» ABOUT THIS TASK
Using the data below, return the stretch from the line that contains "#10644=ORIENTED_EDGE('',*,*,#10643,.F.);" through the line that contains "#10617=EDGE_CURVE('',#9887,#8989,#8282,.T.);", both included, exactly as it stands and nothing beyond it.

» DATASET RECORDS
□ □ □ □ □ □ □

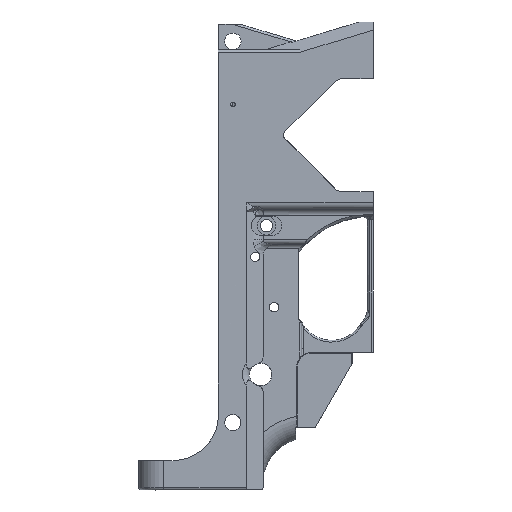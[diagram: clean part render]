
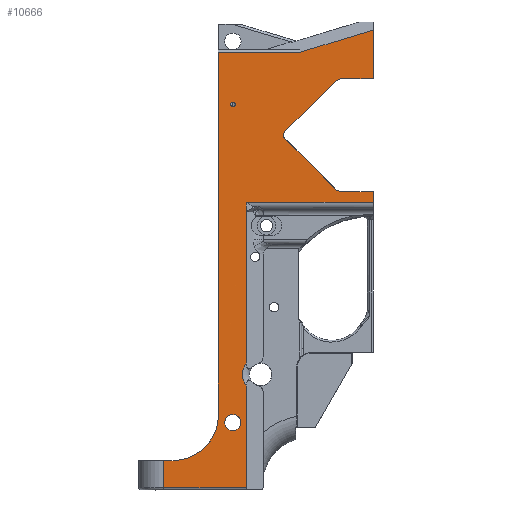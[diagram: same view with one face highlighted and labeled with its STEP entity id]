
A CAD part, left-side view. The second image highlights one B-rep face of the part: STEP entity #10666.
In plain terms, the highlighted planar face has unit normal (-1, 0, 0).
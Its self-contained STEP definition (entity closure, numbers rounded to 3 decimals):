
#93=CARTESIAN_POINT('',(-18.567,27.673,-78.994));
#94=DIRECTION('',(1.,0.,0.));
#95=DIRECTION('',(0.,0.,1.));
#96=AXIS2_PLACEMENT_3D('',#93,#94,#95);
#98=CARTESIAN_POINT('',(-18.567,27.673,-78.994));
#99=DIRECTION('',(1.,0.,0.));
#100=DIRECTION('',(0.,0.,-1.));
#101=AXIS2_PLACEMENT_3D('',#98,#99,#100);
#103=CARTESIAN_POINT('',(-18.567,27.673,56.134));
#104=DIRECTION('',(1.,0.,0.));
#105=DIRECTION('',(0.,1.,0.));
#106=AXIS2_PLACEMENT_3D('',#103,#104,#105);
#108=CARTESIAN_POINT('',(-18.567,27.673,56.134));
#109=DIRECTION('',(1.,0.,0.));
#110=DIRECTION('',(0.,-1.,0.));
#111=AXIS2_PLACEMENT_3D('',#108,#109,#110);
#113=DIRECTION('',(0.,0.,1.));
#114=VECTOR('',#113,64.279);
#115=CARTESIAN_POINT('',(-18.567,21.916,-53.692));
#116=LINE('',#115,#114);
#117=CARTESIAN_POINT('',(-18.567,15.9,-58.598));
#118=DIRECTION('',(1.,0.,0.));
#119=DIRECTION('',(0.,0.775,-0.632));
#120=AXIS2_PLACEMENT_3D('',#117,#118,#119);
#122=DIRECTION('',(0.,0.,-1.));
#123=VECTOR('',#122,43.142);
#124=CARTESIAN_POINT('',(-18.567,21.916,-63.504));
#125=LINE('',#124,#123);
#126=CARTESIAN_POINT('',(-18.567,53.086,-75.819));
#127=DIRECTION('',(1.,0.,0.));
#128=DIRECTION('',(0.,-1.,0.));
#129=AXIS2_PLACEMENT_3D('',#126,#127,#128);
#131=DIRECTION('',(0.,0.,1.));
#132=VECTOR('',#131,154.067);
#133=CARTESIAN_POINT('',(-18.567,33.786,-75.819));
#134=LINE('',#133,#132);
#135=DIRECTION('',(0.,-1.,0.));
#136=VECTOR('',#135,34.547);
#137=CARTESIAN_POINT('',(-18.567,33.786,78.248));
#138=LINE('',#137,#136);
#139=DIRECTION('',(0.,1.,0.));
#140=VECTOR('',#139,14.);
#141=CARTESIAN_POINT('',(-18.567,-32.004,67.005));
#142=LINE('',#141,#140);
#143=DIRECTION('',(0.,-0.707,0.707));
#144=VECTOR('',#143,30.941);
#145=CARTESIAN_POINT('',(-18.567,5.582,44.419));
#146=LINE('',#145,#144);
#147=DIRECTION('',(0.,0.707,0.707));
#148=VECTOR('',#147,30.941);
#149=CARTESIAN_POINT('',(-18.567,-16.297,19.712));
#150=LINE('',#149,#148);
#151=DIRECTION('',(0.,1.,0.));
#152=VECTOR('',#151,14.);
#153=CARTESIAN_POINT('',(-18.567,-32.004,19.005));
#154=LINE('',#153,#152);
#155=DIRECTION('',(0.,0.,-1.));
#156=VECTOR('',#155,4.484);
#157=CARTESIAN_POINT('',(-18.567,-32.004,19.005));
#158=LINE('',#157,#156);
#159=CARTESIAN_POINT('',(-18.565,21.916,14.346));
#160=CARTESIAN_POINT('',(-18.565,21.916,14.366));
#161=CARTESIAN_POINT('',(-18.567,21.916,14.404));
#162=CARTESIAN_POINT('',(-18.566,21.916,14.463));
#163=CARTESIAN_POINT('',(-18.567,21.916,14.501));
#164=CARTESIAN_POINT('',(-18.567,21.916,14.521));
#839=DIRECTION('',(0.,0.957,-0.29));
#840=VECTOR('',#839,32.646);
#841=CARTESIAN_POINT('',(-18.567,-32.004,87.717));
#842=LINE('',#841,#840);
#2586=DIRECTION('',(0.,-1.,0.));
#2587=VECTOR('',#2586,3.965);
#2588=CARTESIAN_POINT('',(-18.567,57.051,-95.119));
#2589=LINE('',#2588,#2587);
#3763=CARTESIAN_POINT('',(-18.567,21.916,
-53.692));
#5980=DIRECTION('',(0.,0.,1.));
#5981=VECTOR('',#5980,20.711);
#5982=CARTESIAN_POINT('',(-18.567,-32.004,67.005));
#5983=LINE('',#5982,#5981);
#6458=CARTESIAN_POINT('',(-18.567,4.168,43.005));
#6459=DIRECTION('',(1.,0.,0.));
#6460=DIRECTION('',(0.,0.707,-0.707));
#6461=AXIS2_PLACEMENT_3D('',#6458,#6459,#6460);
#6467=DIRECTION('',(0.,-0.924,0.383));
#6468=VECTOR('',#6467,1.848);
#6469=CARTESIAN_POINT('',(-18.567,-16.297,
66.298));
#6470=LINE('',#6469,#6468);
#7415=DIRECTION('',(0.,0.924,0.383));
#7416=VECTOR('',#7415,1.848);
#7417=CARTESIAN_POINT('',(-18.567,-18.004,19.005));
#7418=LINE('',#7417,#7416);
#7833=CARTESIAN_POINT('',(-18.565,21.916,14.346));
#7840=DIRECTION('',(0.,-1.,0.));
#7841=VECTOR('',#7840,53.92);
#7842=CARTESIAN_POINT('',(-18.567,21.916,14.521));
#7843=LINE('',#7842,#7841);
#7856=DIRECTION('',(0.,0.,1.));
#7857=VECTOR('',#7856,3.759);
#7858=CARTESIAN_POINT('',(-18.567,21.916,10.587));
#7859=LINE('',#7858,#7857);
#8248=DIRECTION('',(0.,0.,1.));
#8249=VECTOR('',#8248,11.526);
#8250=CARTESIAN_POINT('',(-18.567,57.051,-106.645));
#8251=LINE('',#8250,#8249);
#8279=DIRECTION('',(0.,1.,0.));
#8280=VECTOR('',#8279,35.135);
#8281=CARTESIAN_POINT('',(-18.567,21.916,
-106.645));
#8282=LINE('',#8281,#8280);
#8987=CARTESIAN_POINT('',(-18.567,57.051,-106.645));
#8989=VERTEX_POINT('',#8987);
#9184=CARTESIAN_POINT('',(-18.567,53.086,-95.119));
#9186=VERTEX_POINT('',#9184);
#9328=CARTESIAN_POINT('',(-18.567,57.051,-95.119));
#9330=VERTEX_POINT('',#9328);
#9386=CARTESIAN_POINT('',(-18.567,33.786,-75.819));
#9388=VERTEX_POINT('',#9386);
#9554=VERTEX_POINT('',#7833);
#9556=VERTEX_POINT('',#164);
#9576=CARTESIAN_POINT('',(-18.567,26.683,56.134));
#9578=VERTEX_POINT('',#9576);
#9580=CARTESIAN_POINT('',(-18.567,28.664,56.134));
#9582=VERTEX_POINT('',#9580);
#9615=CARTESIAN_POINT('',(-18.567,27.673,-75.565));
#9617=VERTEX_POINT('',#9615);
#9619=CARTESIAN_POINT('',(-18.567,27.673,-82.423));
#9621=VERTEX_POINT('',#9619);
#9826=CARTESIAN_POINT('',(-18.567,-32.004,14.521));
#9828=VERTEX_POINT('',#9826);
#9884=CARTESIAN_POINT('',(-18.567,21.916,
-63.504));
#9885=CARTESIAN_POINT('',(-18.567,21.916,
-106.645));
#9886=VERTEX_POINT('',#9884);
#9887=VERTEX_POINT('',#9885);
#9893=VERTEX_POINT('',#3763);
#9955=CARTESIAN_POINT('',(-18.567,-32.004,19.005));
#9956=VERTEX_POINT('',#9955);
#9965=CARTESIAN_POINT('',(-18.567,-18.004,19.005));
#9966=VERTEX_POINT('',#9965);
#9967=CARTESIAN_POINT('',(-18.567,-32.004,67.005));
#9968=CARTESIAN_POINT('',(-18.567,-18.004,67.005));
#9969=VERTEX_POINT('',#9967);
#9970=VERTEX_POINT('',#9968);
#9971=CARTESIAN_POINT('',(-18.567,-16.297,
19.712));
#9972=VERTEX_POINT('',#9971);
#9973=CARTESIAN_POINT('',(-18.567,-16.297,
66.298));
#9974=VERTEX_POINT('',#9973);
#9983=CARTESIAN_POINT('',(-18.567,5.582,41.591));
#9984=VERTEX_POINT('',#9983);
#9985=CARTESIAN_POINT('',(-18.567,5.582,44.419));
#9986=VERTEX_POINT('',#9985);
#10118=CARTESIAN_POINT('',(-18.567,-32.004,87.717));
#10119=VERTEX_POINT('',#10118);
#10224=CARTESIAN_POINT('',(-18.567,33.786,78.248));
#10225=CARTESIAN_POINT('',(-18.567,-0.761,78.248));
#10226=VERTEX_POINT('',#10224);
#10227=VERTEX_POINT('',#10225);
#10365=CARTESIAN_POINT('',(-18.567,21.916,10.587));
#10367=VERTEX_POINT('',#10365);
#10604=CARTESIAN_POINT('',(-18.567,21.916,
61.427));
#10605=DIRECTION('',(-1.,0.,0.));
#10606=DIRECTION('',(0.,0.,1.));
#10607=AXIS2_PLACEMENT_3D('',#10604,#10605,#10606);
#10608=PLANE('',#10607);
#10610=ORIENTED_EDGE('',*,*,#10609,.F.);
#10612=ORIENTED_EDGE('',*,*,#10611,.F.);
#10614=ORIENTED_EDGE('',*,*,#10613,.F.);
#10616=ORIENTED_EDGE('',*,*,#10615,.T.);
#10618=ORIENTED_EDGE('',*,*,#10617,.T.);
#10620=ORIENTED_EDGE('',*,*,#10619,.T.);
#10622=ORIENTED_EDGE('',*,*,#10621,.T.);
#10624=ORIENTED_EDGE('',*,*,#10623,.F.);
#10626=ORIENTED_EDGE('',*,*,#10625,.T.);
#10628=ORIENTED_EDGE('',*,*,#10627,.T.);
#10630=ORIENTED_EDGE('',*,*,#10629,.F.);
#10632=ORIENTED_EDGE('',*,*,#10631,.F.);
#10634=ORIENTED_EDGE('',*,*,#10633,.T.);
#10636=ORIENTED_EDGE('',*,*,#10635,.F.);
#10638=ORIENTED_EDGE('',*,*,#10637,.F.);
#10640=ORIENTED_EDGE('',*,*,#10639,.F.);
#10642=ORIENTED_EDGE('',*,*,#10641,.F.);
#10644=ORIENTED_EDGE('',*,*,#10643,.F.);
#10646=ORIENTED_EDGE('',*,*,#10645,.F.);
#10648=ORIENTED_EDGE('',*,*,#10647,.T.);
#10650=ORIENTED_EDGE('',*,*,#10649,.F.);
#10652=ORIENTED_EDGE('',*,*,#10651,.F.);
#10653=EDGE_LOOP('',(#10610,#10612,#10614,#10616,#10618,#10620,#10622,#10624,
#10626,#10628,#10630,#10632,#10634,#10636,#10638,#10640,#10642,#10644,#10646,
#10648,#10650,#10652));
#10654=FACE_OUTER_BOUND('',#10653,.F.);
#10655=ORIENTED_EDGE('',*,*,#10593,.F.);
#10657=ORIENTED_EDGE('',*,*,#10656,.F.);
#10658=EDGE_LOOP('',(#10655,#10657));
#10659=FACE_BOUND('',#10658,.F.);
#10661=ORIENTED_EDGE('',*,*,#10660,.F.);
#10663=ORIENTED_EDGE('',*,*,#10662,.F.);
#10664=EDGE_LOOP('',(#10661,#10663));
#10665=FACE_BOUND('',#10664,.F.);
#10666=ADVANCED_FACE('',(#10654,#10659,#10665),#10608,.T.);
#97=CIRCLE('',#96,3.429);
#102=CIRCLE('',#101,3.429);
#107=CIRCLE('',#106,0.991);
#112=CIRCLE('',#111,0.991);
#121=CIRCLE('',#120,7.763);
#130=CIRCLE('',#129,19.3);
#165=B_SPLINE_CURVE_WITH_KNOTS('',3,(#159,#160,#161,#162,#163,#164),
.UNSPECIFIED.,.F.,.F.,(4,1,1,4),(0.,0.333,0.667,1.),
.UNSPECIFIED.);
#6462=CIRCLE('',#6461,2.);
#10593=EDGE_CURVE('',#9582,#9578,#107,.T.);
#10609=EDGE_CURVE('',#10367,#9554,#7859,.T.);
#10611=EDGE_CURVE('',#9893,#10367,#116,.T.);
#10613=EDGE_CURVE('',#9886,#9893,#121,.T.);
#10615=EDGE_CURVE('',#9886,#9887,#125,.T.);
#10617=EDGE_CURVE('',#9887,#8989,#8282,.T.);
#10619=EDGE_CURVE('',#8989,#9330,#8251,.T.);
#10621=EDGE_CURVE('',#9330,#9186,#2589,.T.);
#10623=EDGE_CURVE('',#9388,#9186,#130,.T.);
#10625=EDGE_CURVE('',#9388,#10226,#134,.T.);
#10627=EDGE_CURVE('',#10226,#10227,#138,.T.);
#10629=EDGE_CURVE('',#10119,#10227,#842,.T.);
#10631=EDGE_CURVE('',#9969,#10119,#5983,.T.);
#10633=EDGE_CURVE('',#9969,#9970,#142,.T.);
#10635=EDGE_CURVE('',#9974,#9970,#6470,.T.);
#10637=EDGE_CURVE('',#9986,#9974,#146,.T.);
#10639=EDGE_CURVE('',#9984,#9986,#6462,.T.);
#10641=EDGE_CURVE('',#9972,#9984,#150,.T.);
#10643=EDGE_CURVE('',#9966,#9972,#7418,.T.);
#10645=EDGE_CURVE('',#9956,#9966,#154,.T.);
#10647=EDGE_CURVE('',#9956,#9828,#158,.T.);
#10649=EDGE_CURVE('',#9556,#9828,#7843,.T.);
#10651=EDGE_CURVE('',#9554,#9556,#165,.T.);
#10656=EDGE_CURVE('',#9578,#9582,#112,.T.);
#10660=EDGE_CURVE('',#9617,#9621,#97,.T.);
#10662=EDGE_CURVE('',#9621,#9617,#102,.T.);

□ □ □ □ □ □ □

» ANSWER TO THE EXERCISE
#10644=ORIENTED_EDGE('',*,*,#10643,.F.);
#10646=ORIENTED_EDGE('',*,*,#10645,.F.);
#10648=ORIENTED_EDGE('',*,*,#10647,.T.);
#10650=ORIENTED_EDGE('',*,*,#10649,.F.);
#10652=ORIENTED_EDGE('',*,*,#10651,.F.);
#10653=EDGE_LOOP('',(#10610,#10612,#10614,#10616,#10618,#10620,#10622,#10624,
#10626,#10628,#10630,#10632,#10634,#10636,#10638,#10640,#10642,#10644,#10646,
#10648,#10650,#10652));
#10654=FACE_OUTER_BOUND('',#10653,.F.);
#10655=ORIENTED_EDGE('',*,*,#10593,.F.);
#10657=ORIENTED_EDGE('',*,*,#10656,.F.);
#10658=EDGE_LOOP('',(#10655,#10657));
#10659=FACE_BOUND('',#10658,.F.);
#10661=ORIENTED_EDGE('',*,*,#10660,.F.);
#10663=ORIENTED_EDGE('',*,*,#10662,.F.);
#10664=EDGE_LOOP('',(#10661,#10663));
#10665=FACE_BOUND('',#10664,.F.);
#10666=ADVANCED_FACE('',(#10654,#10659,#10665),#10608,.T.);
#97=CIRCLE('',#96,3.429);
#102=CIRCLE('',#101,3.429);
#107=CIRCLE('',#106,0.991);
#112=CIRCLE('',#111,0.991);
#121=CIRCLE('',#120,7.763);
#130=CIRCLE('',#129,19.3);
#165=B_SPLINE_CURVE_WITH_KNOTS('',3,(#159,#160,#161,#162,#163,#164),
.UNSPECIFIED.,.F.,.F.,(4,1,1,4),(0.,0.333,0.667,1.),
.UNSPECIFIED.);
#6462=CIRCLE('',#6461,2.);
#10593=EDGE_CURVE('',#9582,#9578,#107,.T.);
#10609=EDGE_CURVE('',#10367,#9554,#7859,.T.);
#10611=EDGE_CURVE('',#9893,#10367,#116,.T.);
#10613=EDGE_CURVE('',#9886,#9893,#121,.T.);
#10615=EDGE_CURVE('',#9886,#9887,#125,.T.);
#10617=EDGE_CURVE('',#9887,#8989,#8282,.T.);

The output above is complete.